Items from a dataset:

- - - - -

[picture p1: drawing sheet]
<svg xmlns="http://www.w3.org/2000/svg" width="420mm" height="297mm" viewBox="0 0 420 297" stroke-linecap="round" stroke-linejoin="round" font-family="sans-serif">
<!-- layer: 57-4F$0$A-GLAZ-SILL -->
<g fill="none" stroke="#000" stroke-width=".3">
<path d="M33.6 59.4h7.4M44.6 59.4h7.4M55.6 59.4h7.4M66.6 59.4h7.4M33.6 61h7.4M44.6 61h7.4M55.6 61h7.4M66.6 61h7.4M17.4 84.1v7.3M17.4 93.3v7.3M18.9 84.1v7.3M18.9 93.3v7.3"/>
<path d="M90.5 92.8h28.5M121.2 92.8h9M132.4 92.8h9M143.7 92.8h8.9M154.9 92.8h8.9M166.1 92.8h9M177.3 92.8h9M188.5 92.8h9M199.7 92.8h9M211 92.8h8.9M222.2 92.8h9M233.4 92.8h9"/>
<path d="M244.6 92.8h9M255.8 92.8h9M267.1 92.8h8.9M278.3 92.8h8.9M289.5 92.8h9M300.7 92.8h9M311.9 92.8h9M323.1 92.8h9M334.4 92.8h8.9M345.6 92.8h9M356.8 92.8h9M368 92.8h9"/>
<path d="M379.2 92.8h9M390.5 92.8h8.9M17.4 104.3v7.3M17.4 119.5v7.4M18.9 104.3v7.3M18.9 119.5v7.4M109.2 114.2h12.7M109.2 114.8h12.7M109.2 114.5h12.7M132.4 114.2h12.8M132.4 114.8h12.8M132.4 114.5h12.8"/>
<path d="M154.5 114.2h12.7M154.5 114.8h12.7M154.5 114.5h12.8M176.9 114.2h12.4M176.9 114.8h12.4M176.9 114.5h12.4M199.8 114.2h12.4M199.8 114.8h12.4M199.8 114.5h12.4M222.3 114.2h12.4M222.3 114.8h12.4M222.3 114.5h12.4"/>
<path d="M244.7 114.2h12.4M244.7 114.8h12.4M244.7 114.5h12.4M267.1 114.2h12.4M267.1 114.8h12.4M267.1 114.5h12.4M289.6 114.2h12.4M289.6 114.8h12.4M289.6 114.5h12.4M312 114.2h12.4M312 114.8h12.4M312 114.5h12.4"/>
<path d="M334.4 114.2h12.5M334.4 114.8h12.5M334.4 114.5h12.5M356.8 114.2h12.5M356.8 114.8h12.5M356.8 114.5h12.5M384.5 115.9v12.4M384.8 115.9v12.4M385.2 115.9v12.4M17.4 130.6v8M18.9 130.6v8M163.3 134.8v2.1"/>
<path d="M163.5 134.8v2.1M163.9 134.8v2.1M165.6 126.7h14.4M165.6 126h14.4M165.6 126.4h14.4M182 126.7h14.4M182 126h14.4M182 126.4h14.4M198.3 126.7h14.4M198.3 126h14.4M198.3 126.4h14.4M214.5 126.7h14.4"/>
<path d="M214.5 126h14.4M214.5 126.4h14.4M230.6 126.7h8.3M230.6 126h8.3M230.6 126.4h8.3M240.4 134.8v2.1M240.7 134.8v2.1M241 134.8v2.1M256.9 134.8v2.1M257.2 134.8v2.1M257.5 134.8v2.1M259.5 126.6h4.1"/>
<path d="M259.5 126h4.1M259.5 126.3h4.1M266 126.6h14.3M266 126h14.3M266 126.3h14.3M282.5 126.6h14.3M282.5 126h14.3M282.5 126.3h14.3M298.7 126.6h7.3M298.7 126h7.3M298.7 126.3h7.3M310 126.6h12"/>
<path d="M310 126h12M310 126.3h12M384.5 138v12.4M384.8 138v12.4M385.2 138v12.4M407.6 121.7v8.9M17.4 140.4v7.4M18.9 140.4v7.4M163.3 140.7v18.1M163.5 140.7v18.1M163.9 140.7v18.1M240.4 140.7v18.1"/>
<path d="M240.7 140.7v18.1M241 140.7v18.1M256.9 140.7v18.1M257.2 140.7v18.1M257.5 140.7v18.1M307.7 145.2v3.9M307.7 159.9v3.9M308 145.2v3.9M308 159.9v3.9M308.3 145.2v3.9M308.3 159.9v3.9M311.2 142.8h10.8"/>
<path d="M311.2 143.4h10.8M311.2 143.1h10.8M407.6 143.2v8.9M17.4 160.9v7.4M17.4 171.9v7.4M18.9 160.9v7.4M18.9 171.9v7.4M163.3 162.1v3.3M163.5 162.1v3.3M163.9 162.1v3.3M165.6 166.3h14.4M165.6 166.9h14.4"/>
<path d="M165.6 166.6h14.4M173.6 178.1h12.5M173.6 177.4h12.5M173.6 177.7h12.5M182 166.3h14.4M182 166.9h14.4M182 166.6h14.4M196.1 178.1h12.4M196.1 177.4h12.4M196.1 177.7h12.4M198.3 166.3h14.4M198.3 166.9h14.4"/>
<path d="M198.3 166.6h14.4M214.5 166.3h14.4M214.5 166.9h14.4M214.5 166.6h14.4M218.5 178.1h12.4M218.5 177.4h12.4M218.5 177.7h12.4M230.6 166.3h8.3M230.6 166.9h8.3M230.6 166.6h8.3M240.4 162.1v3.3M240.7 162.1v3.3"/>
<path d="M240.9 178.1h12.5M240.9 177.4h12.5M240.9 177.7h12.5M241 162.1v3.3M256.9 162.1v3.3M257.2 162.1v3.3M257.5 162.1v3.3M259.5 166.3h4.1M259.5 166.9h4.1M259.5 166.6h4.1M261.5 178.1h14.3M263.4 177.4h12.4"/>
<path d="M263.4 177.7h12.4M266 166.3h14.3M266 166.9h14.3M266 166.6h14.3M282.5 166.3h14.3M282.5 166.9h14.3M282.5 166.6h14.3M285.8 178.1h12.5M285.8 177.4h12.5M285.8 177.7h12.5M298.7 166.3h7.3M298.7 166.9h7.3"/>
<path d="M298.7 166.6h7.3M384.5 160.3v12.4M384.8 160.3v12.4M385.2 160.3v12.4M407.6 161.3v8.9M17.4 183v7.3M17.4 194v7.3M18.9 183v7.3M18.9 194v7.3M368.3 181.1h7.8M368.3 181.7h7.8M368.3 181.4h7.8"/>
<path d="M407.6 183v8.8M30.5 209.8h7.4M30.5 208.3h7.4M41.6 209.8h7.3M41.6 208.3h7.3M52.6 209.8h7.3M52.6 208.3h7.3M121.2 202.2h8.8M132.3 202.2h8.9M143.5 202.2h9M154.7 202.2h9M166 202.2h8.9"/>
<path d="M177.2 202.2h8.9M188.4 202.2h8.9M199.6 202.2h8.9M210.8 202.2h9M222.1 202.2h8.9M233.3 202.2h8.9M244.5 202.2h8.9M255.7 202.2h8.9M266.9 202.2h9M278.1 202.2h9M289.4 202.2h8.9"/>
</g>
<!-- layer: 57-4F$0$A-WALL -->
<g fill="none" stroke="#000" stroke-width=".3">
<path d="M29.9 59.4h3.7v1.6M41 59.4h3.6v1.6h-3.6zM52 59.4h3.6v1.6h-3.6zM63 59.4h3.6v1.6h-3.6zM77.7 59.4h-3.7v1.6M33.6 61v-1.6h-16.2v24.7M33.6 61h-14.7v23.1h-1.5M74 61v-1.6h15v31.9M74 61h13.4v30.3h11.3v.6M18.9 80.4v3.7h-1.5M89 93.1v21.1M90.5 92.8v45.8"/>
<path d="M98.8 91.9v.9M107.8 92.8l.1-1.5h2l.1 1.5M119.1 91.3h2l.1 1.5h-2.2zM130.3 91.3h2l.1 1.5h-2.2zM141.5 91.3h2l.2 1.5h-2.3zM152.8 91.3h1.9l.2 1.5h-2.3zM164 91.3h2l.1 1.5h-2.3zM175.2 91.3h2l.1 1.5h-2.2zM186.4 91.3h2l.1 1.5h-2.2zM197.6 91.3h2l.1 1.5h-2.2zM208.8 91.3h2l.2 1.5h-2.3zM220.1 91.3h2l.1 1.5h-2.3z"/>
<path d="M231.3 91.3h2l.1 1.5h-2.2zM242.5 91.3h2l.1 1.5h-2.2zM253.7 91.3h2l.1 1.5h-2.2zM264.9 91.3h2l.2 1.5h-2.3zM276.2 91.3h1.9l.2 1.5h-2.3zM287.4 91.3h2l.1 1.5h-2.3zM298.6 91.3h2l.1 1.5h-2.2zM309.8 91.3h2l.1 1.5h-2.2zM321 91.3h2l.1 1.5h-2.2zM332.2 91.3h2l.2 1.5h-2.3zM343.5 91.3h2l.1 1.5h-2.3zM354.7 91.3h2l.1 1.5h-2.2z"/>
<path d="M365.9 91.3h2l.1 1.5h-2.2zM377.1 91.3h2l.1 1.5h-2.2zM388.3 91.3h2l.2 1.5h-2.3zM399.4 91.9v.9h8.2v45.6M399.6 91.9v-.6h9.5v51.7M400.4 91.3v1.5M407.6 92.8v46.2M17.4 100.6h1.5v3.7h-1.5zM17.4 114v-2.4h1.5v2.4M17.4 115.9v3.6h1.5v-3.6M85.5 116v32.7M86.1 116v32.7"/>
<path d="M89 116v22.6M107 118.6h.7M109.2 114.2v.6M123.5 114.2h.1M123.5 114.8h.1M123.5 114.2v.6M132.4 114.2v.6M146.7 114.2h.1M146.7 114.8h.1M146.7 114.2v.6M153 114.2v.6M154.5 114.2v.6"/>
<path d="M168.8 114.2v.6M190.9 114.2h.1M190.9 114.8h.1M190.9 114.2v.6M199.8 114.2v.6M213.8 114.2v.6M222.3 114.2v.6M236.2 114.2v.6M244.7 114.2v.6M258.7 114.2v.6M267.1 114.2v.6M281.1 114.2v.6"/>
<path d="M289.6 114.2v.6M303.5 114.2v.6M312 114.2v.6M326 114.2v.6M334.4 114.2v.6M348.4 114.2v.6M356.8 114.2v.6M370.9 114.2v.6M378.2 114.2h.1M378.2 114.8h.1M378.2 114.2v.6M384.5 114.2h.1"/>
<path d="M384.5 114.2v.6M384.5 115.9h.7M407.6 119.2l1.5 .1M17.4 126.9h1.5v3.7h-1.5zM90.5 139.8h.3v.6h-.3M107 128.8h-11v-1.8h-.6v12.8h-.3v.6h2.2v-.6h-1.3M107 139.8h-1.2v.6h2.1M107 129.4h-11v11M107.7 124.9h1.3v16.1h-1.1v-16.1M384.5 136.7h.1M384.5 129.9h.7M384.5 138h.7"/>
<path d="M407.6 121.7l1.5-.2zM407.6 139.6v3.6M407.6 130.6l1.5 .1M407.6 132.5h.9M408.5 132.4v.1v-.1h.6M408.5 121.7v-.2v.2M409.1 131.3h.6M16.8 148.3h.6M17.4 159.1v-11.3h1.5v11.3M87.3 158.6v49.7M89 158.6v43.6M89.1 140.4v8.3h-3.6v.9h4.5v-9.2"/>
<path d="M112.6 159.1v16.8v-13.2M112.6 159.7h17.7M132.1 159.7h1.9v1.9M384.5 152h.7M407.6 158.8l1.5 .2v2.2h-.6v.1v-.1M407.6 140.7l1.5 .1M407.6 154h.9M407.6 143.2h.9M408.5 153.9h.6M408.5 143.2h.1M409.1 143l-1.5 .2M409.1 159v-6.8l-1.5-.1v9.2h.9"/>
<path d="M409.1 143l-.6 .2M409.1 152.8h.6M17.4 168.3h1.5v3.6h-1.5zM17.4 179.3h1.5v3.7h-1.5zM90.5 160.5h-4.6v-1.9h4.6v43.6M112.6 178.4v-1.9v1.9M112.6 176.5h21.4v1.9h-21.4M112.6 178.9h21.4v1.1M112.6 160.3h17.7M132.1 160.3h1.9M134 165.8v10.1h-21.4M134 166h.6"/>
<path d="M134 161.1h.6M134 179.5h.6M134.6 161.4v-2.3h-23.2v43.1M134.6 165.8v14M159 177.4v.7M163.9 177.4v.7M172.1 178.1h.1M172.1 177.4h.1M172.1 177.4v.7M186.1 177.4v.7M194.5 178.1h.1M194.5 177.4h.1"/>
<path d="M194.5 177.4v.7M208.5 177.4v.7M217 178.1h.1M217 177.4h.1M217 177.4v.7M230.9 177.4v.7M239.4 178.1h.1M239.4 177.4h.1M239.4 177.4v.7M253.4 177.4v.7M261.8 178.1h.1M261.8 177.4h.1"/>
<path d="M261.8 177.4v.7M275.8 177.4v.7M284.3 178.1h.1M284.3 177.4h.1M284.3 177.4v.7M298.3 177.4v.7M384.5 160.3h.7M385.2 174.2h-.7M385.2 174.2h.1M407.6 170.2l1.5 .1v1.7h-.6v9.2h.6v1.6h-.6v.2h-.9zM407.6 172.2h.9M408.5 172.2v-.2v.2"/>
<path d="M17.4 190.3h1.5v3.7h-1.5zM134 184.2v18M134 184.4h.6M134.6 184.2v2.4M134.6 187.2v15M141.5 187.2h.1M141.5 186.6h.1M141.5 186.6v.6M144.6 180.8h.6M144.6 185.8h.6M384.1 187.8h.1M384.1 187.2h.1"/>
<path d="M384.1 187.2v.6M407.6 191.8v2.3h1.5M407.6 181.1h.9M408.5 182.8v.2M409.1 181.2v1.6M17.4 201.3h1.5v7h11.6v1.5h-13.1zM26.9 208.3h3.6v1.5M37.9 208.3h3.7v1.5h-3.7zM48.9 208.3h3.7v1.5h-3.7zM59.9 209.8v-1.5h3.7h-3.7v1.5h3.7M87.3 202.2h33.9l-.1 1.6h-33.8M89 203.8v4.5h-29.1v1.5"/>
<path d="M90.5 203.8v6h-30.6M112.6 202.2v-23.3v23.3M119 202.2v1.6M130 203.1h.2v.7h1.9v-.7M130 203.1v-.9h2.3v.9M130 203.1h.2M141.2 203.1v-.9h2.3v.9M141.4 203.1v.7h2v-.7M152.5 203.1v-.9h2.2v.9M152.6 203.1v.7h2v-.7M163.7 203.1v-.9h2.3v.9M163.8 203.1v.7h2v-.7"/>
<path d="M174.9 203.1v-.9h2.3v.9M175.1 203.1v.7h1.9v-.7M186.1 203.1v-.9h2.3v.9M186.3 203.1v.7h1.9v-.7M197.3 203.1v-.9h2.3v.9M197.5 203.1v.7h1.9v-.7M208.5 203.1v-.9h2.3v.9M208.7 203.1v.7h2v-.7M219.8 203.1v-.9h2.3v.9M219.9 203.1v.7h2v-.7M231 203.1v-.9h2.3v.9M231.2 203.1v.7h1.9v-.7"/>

- - - - -

**PROBLEM TO WORK ON**
The response must contain each line above that holds the string "layer".

**ANSWER SPACE**
<!-- layer: 57-4F$0$A-GLAZ-SILL -->
<!-- layer: 57-4F$0$A-WALL -->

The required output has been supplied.